* **DATA SHOWN**
»»

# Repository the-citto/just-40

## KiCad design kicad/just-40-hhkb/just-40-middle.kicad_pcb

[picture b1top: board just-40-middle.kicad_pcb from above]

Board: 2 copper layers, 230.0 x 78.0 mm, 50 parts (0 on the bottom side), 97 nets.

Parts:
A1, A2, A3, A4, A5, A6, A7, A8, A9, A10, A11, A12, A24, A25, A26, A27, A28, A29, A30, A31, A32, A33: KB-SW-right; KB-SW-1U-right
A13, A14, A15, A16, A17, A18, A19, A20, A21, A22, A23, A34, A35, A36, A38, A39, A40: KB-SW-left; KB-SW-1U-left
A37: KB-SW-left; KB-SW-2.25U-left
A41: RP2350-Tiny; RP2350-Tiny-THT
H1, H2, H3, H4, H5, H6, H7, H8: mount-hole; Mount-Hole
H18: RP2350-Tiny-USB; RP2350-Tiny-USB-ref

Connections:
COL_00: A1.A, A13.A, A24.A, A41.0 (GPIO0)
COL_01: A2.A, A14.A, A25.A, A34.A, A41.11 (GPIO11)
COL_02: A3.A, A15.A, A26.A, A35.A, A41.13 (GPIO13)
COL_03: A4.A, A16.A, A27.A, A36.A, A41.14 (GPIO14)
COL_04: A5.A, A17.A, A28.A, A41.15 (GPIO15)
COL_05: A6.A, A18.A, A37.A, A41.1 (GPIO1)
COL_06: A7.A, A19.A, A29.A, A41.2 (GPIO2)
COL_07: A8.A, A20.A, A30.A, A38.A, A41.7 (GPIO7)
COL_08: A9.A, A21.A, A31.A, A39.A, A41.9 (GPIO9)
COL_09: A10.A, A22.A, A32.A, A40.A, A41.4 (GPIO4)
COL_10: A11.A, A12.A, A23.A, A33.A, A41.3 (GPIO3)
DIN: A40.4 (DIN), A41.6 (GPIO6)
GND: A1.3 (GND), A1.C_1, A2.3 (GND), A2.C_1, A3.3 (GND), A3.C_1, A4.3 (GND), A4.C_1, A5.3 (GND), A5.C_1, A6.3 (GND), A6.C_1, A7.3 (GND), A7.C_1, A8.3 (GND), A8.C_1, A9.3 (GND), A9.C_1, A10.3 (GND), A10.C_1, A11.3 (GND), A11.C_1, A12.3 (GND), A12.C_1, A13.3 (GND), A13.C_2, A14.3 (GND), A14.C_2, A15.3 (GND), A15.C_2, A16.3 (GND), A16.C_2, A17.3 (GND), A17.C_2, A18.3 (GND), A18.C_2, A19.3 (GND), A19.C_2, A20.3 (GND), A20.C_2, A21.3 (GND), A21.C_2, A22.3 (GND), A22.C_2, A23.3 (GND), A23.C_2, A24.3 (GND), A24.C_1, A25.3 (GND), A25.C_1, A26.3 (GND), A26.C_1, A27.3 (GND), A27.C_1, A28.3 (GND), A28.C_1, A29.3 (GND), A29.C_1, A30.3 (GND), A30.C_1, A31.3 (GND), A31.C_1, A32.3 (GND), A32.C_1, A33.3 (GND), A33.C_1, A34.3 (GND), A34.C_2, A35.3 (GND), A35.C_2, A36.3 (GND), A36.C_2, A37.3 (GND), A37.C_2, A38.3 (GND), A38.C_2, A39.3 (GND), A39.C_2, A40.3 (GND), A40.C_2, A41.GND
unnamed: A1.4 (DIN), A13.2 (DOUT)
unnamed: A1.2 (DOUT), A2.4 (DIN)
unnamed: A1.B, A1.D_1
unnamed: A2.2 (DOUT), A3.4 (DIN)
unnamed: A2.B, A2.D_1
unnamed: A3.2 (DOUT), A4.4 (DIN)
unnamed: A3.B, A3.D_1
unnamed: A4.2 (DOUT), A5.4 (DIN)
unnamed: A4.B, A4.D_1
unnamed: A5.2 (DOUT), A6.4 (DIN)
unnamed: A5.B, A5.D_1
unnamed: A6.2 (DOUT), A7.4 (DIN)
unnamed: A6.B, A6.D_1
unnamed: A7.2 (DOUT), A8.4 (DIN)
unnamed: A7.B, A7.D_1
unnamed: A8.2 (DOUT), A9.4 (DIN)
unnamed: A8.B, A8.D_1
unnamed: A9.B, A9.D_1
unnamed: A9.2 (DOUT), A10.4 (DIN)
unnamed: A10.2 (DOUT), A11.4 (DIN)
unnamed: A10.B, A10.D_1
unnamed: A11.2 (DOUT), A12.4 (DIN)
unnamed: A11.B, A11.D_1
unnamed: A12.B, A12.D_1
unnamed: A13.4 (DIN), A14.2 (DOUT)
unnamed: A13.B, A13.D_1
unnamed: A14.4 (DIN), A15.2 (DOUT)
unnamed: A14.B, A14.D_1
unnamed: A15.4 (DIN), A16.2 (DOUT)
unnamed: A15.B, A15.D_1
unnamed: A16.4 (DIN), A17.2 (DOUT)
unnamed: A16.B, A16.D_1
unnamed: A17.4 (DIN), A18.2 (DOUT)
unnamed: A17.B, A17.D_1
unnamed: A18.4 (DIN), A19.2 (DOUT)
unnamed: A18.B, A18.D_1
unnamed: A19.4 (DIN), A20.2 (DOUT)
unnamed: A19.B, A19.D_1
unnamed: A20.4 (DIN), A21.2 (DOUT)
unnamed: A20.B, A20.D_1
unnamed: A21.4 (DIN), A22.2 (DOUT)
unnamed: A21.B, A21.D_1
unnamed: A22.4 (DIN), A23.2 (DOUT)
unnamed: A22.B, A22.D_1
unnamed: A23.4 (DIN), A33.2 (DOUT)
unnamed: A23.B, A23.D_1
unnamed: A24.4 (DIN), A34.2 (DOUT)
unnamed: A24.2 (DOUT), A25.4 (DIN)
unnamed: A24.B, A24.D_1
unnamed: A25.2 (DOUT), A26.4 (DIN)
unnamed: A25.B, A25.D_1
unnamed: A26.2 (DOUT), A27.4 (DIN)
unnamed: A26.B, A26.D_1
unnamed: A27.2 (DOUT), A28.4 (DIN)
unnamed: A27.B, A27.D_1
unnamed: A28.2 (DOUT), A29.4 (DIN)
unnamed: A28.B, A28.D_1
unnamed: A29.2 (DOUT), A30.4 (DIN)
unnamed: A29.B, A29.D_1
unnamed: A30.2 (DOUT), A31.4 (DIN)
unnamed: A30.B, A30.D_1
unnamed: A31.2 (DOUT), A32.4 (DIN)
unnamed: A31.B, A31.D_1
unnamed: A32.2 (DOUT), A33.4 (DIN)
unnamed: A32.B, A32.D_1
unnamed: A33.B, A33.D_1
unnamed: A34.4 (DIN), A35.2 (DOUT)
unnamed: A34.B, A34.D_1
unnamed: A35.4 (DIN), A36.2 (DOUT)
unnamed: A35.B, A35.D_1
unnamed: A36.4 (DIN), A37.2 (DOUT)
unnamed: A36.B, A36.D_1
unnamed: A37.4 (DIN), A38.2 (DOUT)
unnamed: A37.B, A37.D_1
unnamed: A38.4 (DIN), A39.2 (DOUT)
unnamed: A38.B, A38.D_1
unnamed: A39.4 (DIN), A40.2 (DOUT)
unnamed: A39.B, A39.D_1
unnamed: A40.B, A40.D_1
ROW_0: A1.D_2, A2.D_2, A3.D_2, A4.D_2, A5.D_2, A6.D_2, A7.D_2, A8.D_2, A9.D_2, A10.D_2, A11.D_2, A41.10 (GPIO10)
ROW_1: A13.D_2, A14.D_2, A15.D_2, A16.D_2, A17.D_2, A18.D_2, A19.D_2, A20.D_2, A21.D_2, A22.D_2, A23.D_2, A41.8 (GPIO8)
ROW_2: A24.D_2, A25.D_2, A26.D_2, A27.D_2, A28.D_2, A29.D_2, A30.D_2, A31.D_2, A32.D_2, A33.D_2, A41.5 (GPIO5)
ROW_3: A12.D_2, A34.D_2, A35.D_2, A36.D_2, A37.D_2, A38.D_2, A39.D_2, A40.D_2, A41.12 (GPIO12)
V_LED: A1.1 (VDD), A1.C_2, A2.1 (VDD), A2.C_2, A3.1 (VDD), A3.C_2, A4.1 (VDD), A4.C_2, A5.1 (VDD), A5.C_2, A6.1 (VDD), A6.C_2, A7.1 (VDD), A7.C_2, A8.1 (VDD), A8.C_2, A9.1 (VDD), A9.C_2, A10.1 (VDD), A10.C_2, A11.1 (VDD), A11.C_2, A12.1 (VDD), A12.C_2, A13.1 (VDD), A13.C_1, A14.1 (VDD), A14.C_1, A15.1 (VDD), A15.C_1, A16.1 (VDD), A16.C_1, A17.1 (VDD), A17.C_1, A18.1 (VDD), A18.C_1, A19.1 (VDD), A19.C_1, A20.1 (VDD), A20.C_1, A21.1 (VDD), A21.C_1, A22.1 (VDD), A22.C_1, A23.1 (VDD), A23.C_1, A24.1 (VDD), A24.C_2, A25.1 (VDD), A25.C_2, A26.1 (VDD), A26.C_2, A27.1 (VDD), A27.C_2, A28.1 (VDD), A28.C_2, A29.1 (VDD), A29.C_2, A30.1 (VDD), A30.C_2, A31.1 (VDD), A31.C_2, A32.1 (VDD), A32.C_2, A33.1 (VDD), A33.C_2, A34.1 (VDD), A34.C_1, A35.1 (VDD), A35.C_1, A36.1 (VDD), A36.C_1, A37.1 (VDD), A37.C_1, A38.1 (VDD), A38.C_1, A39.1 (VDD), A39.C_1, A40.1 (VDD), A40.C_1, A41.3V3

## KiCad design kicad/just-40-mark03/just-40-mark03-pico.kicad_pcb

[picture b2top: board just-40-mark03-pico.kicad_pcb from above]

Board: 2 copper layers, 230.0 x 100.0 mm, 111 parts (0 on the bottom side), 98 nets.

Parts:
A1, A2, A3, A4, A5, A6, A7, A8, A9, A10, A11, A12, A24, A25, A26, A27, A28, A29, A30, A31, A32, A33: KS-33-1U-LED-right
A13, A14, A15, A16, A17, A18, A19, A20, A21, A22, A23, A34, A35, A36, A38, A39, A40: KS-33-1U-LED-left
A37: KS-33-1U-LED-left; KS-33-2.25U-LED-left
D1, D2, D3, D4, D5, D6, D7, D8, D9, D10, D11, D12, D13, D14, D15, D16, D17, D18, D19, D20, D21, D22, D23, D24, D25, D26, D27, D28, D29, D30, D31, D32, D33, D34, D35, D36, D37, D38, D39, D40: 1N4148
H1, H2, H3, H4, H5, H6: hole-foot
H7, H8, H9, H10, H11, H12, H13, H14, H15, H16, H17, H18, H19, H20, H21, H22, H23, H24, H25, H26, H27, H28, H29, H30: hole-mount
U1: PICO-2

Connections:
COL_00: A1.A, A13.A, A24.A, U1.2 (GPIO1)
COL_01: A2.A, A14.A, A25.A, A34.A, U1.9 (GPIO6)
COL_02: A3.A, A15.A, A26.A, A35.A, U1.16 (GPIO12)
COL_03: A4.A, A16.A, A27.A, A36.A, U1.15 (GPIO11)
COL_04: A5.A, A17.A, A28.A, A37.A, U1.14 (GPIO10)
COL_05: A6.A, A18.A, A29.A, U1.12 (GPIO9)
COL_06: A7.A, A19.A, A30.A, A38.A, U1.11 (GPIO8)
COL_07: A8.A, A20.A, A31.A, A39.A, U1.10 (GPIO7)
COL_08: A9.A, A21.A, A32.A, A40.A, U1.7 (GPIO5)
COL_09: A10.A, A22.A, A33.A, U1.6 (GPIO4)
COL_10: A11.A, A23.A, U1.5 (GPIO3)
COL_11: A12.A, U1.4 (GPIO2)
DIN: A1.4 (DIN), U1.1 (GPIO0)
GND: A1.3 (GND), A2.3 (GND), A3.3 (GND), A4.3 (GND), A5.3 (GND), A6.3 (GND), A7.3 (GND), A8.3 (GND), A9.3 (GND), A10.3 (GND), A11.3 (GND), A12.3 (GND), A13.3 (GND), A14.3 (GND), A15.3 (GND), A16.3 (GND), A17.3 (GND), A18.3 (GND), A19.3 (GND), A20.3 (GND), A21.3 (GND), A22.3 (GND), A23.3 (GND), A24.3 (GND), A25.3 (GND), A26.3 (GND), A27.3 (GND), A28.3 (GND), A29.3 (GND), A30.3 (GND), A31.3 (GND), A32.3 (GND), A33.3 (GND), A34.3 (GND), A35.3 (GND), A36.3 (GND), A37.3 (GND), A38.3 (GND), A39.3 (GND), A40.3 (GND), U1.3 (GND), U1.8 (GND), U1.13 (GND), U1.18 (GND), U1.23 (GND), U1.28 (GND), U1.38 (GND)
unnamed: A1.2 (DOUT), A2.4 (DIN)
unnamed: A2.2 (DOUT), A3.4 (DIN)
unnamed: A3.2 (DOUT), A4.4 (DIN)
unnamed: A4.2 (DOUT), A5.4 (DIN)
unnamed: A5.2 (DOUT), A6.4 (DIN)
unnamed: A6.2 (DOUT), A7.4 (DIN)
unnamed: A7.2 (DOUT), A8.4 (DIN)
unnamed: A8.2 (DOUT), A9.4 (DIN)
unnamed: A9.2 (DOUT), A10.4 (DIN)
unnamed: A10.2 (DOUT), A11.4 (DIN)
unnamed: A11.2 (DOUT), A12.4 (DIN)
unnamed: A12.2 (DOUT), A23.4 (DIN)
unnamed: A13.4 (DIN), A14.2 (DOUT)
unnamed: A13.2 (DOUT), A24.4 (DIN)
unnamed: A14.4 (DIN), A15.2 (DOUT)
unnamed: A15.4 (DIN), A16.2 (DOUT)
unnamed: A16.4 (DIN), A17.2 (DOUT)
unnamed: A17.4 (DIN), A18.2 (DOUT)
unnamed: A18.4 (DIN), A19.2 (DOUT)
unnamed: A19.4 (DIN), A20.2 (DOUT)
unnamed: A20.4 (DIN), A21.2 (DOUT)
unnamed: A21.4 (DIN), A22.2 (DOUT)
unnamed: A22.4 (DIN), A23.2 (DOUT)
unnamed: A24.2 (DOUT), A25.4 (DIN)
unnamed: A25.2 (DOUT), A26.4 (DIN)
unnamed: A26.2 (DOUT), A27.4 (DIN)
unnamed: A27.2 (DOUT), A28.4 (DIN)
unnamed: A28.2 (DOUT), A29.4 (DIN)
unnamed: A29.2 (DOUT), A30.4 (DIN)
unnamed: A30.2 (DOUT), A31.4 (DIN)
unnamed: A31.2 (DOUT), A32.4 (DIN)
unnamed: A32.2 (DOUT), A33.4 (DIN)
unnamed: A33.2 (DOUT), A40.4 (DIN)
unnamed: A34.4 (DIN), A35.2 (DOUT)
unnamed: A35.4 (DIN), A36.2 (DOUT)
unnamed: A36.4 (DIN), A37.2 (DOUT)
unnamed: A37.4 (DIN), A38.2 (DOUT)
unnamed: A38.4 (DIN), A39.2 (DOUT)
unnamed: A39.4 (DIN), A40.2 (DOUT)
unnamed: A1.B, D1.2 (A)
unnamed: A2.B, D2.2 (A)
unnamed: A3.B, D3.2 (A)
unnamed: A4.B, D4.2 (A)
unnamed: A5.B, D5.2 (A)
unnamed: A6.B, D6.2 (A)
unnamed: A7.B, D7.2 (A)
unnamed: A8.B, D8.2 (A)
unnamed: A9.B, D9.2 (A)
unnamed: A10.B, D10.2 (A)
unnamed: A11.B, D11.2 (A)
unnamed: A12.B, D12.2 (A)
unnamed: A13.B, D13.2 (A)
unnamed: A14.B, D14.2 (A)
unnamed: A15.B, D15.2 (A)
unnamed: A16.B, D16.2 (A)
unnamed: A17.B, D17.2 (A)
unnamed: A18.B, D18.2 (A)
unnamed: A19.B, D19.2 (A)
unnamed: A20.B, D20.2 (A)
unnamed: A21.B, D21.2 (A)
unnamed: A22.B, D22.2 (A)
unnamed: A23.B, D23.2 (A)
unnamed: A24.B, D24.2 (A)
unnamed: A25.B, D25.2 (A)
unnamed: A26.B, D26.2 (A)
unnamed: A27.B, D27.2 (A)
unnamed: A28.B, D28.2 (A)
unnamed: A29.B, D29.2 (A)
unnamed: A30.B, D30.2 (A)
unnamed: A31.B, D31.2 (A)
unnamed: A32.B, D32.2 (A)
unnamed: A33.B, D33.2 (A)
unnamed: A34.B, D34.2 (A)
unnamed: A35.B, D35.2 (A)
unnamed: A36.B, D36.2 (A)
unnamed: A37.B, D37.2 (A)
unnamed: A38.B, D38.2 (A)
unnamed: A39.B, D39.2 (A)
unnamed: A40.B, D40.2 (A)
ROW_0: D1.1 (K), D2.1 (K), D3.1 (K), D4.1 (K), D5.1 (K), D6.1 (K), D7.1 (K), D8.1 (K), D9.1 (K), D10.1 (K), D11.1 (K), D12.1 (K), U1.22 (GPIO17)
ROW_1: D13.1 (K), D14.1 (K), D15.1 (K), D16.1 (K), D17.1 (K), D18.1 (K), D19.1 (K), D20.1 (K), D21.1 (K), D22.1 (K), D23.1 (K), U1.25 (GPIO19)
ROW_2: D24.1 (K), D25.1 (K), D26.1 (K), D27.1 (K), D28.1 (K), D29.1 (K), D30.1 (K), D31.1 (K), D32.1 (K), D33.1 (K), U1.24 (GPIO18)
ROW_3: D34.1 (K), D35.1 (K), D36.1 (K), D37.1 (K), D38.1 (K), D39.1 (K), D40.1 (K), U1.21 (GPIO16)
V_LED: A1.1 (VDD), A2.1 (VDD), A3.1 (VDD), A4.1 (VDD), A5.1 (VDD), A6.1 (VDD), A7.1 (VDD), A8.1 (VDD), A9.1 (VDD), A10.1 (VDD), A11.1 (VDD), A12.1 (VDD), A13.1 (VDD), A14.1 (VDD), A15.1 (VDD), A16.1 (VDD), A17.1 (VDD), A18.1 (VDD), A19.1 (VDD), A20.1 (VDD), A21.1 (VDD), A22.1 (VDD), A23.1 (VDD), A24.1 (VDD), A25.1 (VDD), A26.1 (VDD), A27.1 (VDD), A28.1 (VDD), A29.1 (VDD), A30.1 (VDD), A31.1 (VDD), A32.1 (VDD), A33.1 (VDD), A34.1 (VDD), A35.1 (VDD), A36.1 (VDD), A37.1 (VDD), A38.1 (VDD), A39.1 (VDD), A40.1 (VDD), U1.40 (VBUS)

««

Taking the entries above, restate exactly those lines that fall between the line with "unnamed: A6.B, D6.2 (A)" and the line with "ROW_3: D34.1 (K), D35.1", keeping both of those lines too.

* **SOLUTION TO THIS PROBLEM**
unnamed: A6.B, D6.2 (A)
unnamed: A7.B, D7.2 (A)
unnamed: A8.B, D8.2 (A)
unnamed: A9.B, D9.2 (A)
unnamed: A10.B, D10.2 (A)
unnamed: A11.B, D11.2 (A)
unnamed: A12.B, D12.2 (A)
unnamed: A13.B, D13.2 (A)
unnamed: A14.B, D14.2 (A)
unnamed: A15.B, D15.2 (A)
unnamed: A16.B, D16.2 (A)
unnamed: A17.B, D17.2 (A)
unnamed: A18.B, D18.2 (A)
unnamed: A19.B, D19.2 (A)
unnamed: A20.B, D20.2 (A)
unnamed: A21.B, D21.2 (A)
unnamed: A22.B, D22.2 (A)
unnamed: A23.B, D23.2 (A)
unnamed: A24.B, D24.2 (A)
unnamed: A25.B, D25.2 (A)
unnamed: A26.B, D26.2 (A)
unnamed: A27.B, D27.2 (A)
unnamed: A28.B, D28.2 (A)
unnamed: A29.B, D29.2 (A)
unnamed: A30.B, D30.2 (A)
unnamed: A31.B, D31.2 (A)
unnamed: A32.B, D32.2 (A)
unnamed: A33.B, D33.2 (A)
unnamed: A34.B, D34.2 (A)
unnamed: A35.B, D35.2 (A)
unnamed: A36.B, D36.2 (A)
unnamed: A37.B, D37.2 (A)
unnamed: A38.B, D38.2 (A)
unnamed: A39.B, D39.2 (A)
unnamed: A40.B, D40.2 (A)
ROW_0: D1.1 (K), D2.1 (K), D3.1 (K), D4.1 (K), D5.1 (K), D6.1 (K), D7.1 (K), D8.1 (K), D9.1 (K), D10.1 (K), D11.1 (K), D12.1 (K), U1.22 (GPIO17)
ROW_1: D13.1 (K), D14.1 (K), D15.1 (K), D16.1 (K), D17.1 (K), D18.1 (K), D19.1 (K), D20.1 (K), D21.1 (K), D22.1 (K), D23.1 (K), U1.25 (GPIO19)
ROW_2: D24.1 (K), D25.1 (K), D26.1 (K), D27.1 (K), D28.1 (K), D29.1 (K), D30.1 (K), D31.1 (K), D32.1 (K), D33.1 (K), U1.24 (GPIO18)
ROW_3: D34.1 (K), D35.1 (K), D36.1 (K), D37.1 (K), D38.1 (K), D39.1 (K), D40.1 (K), U1.21 (GPIO16)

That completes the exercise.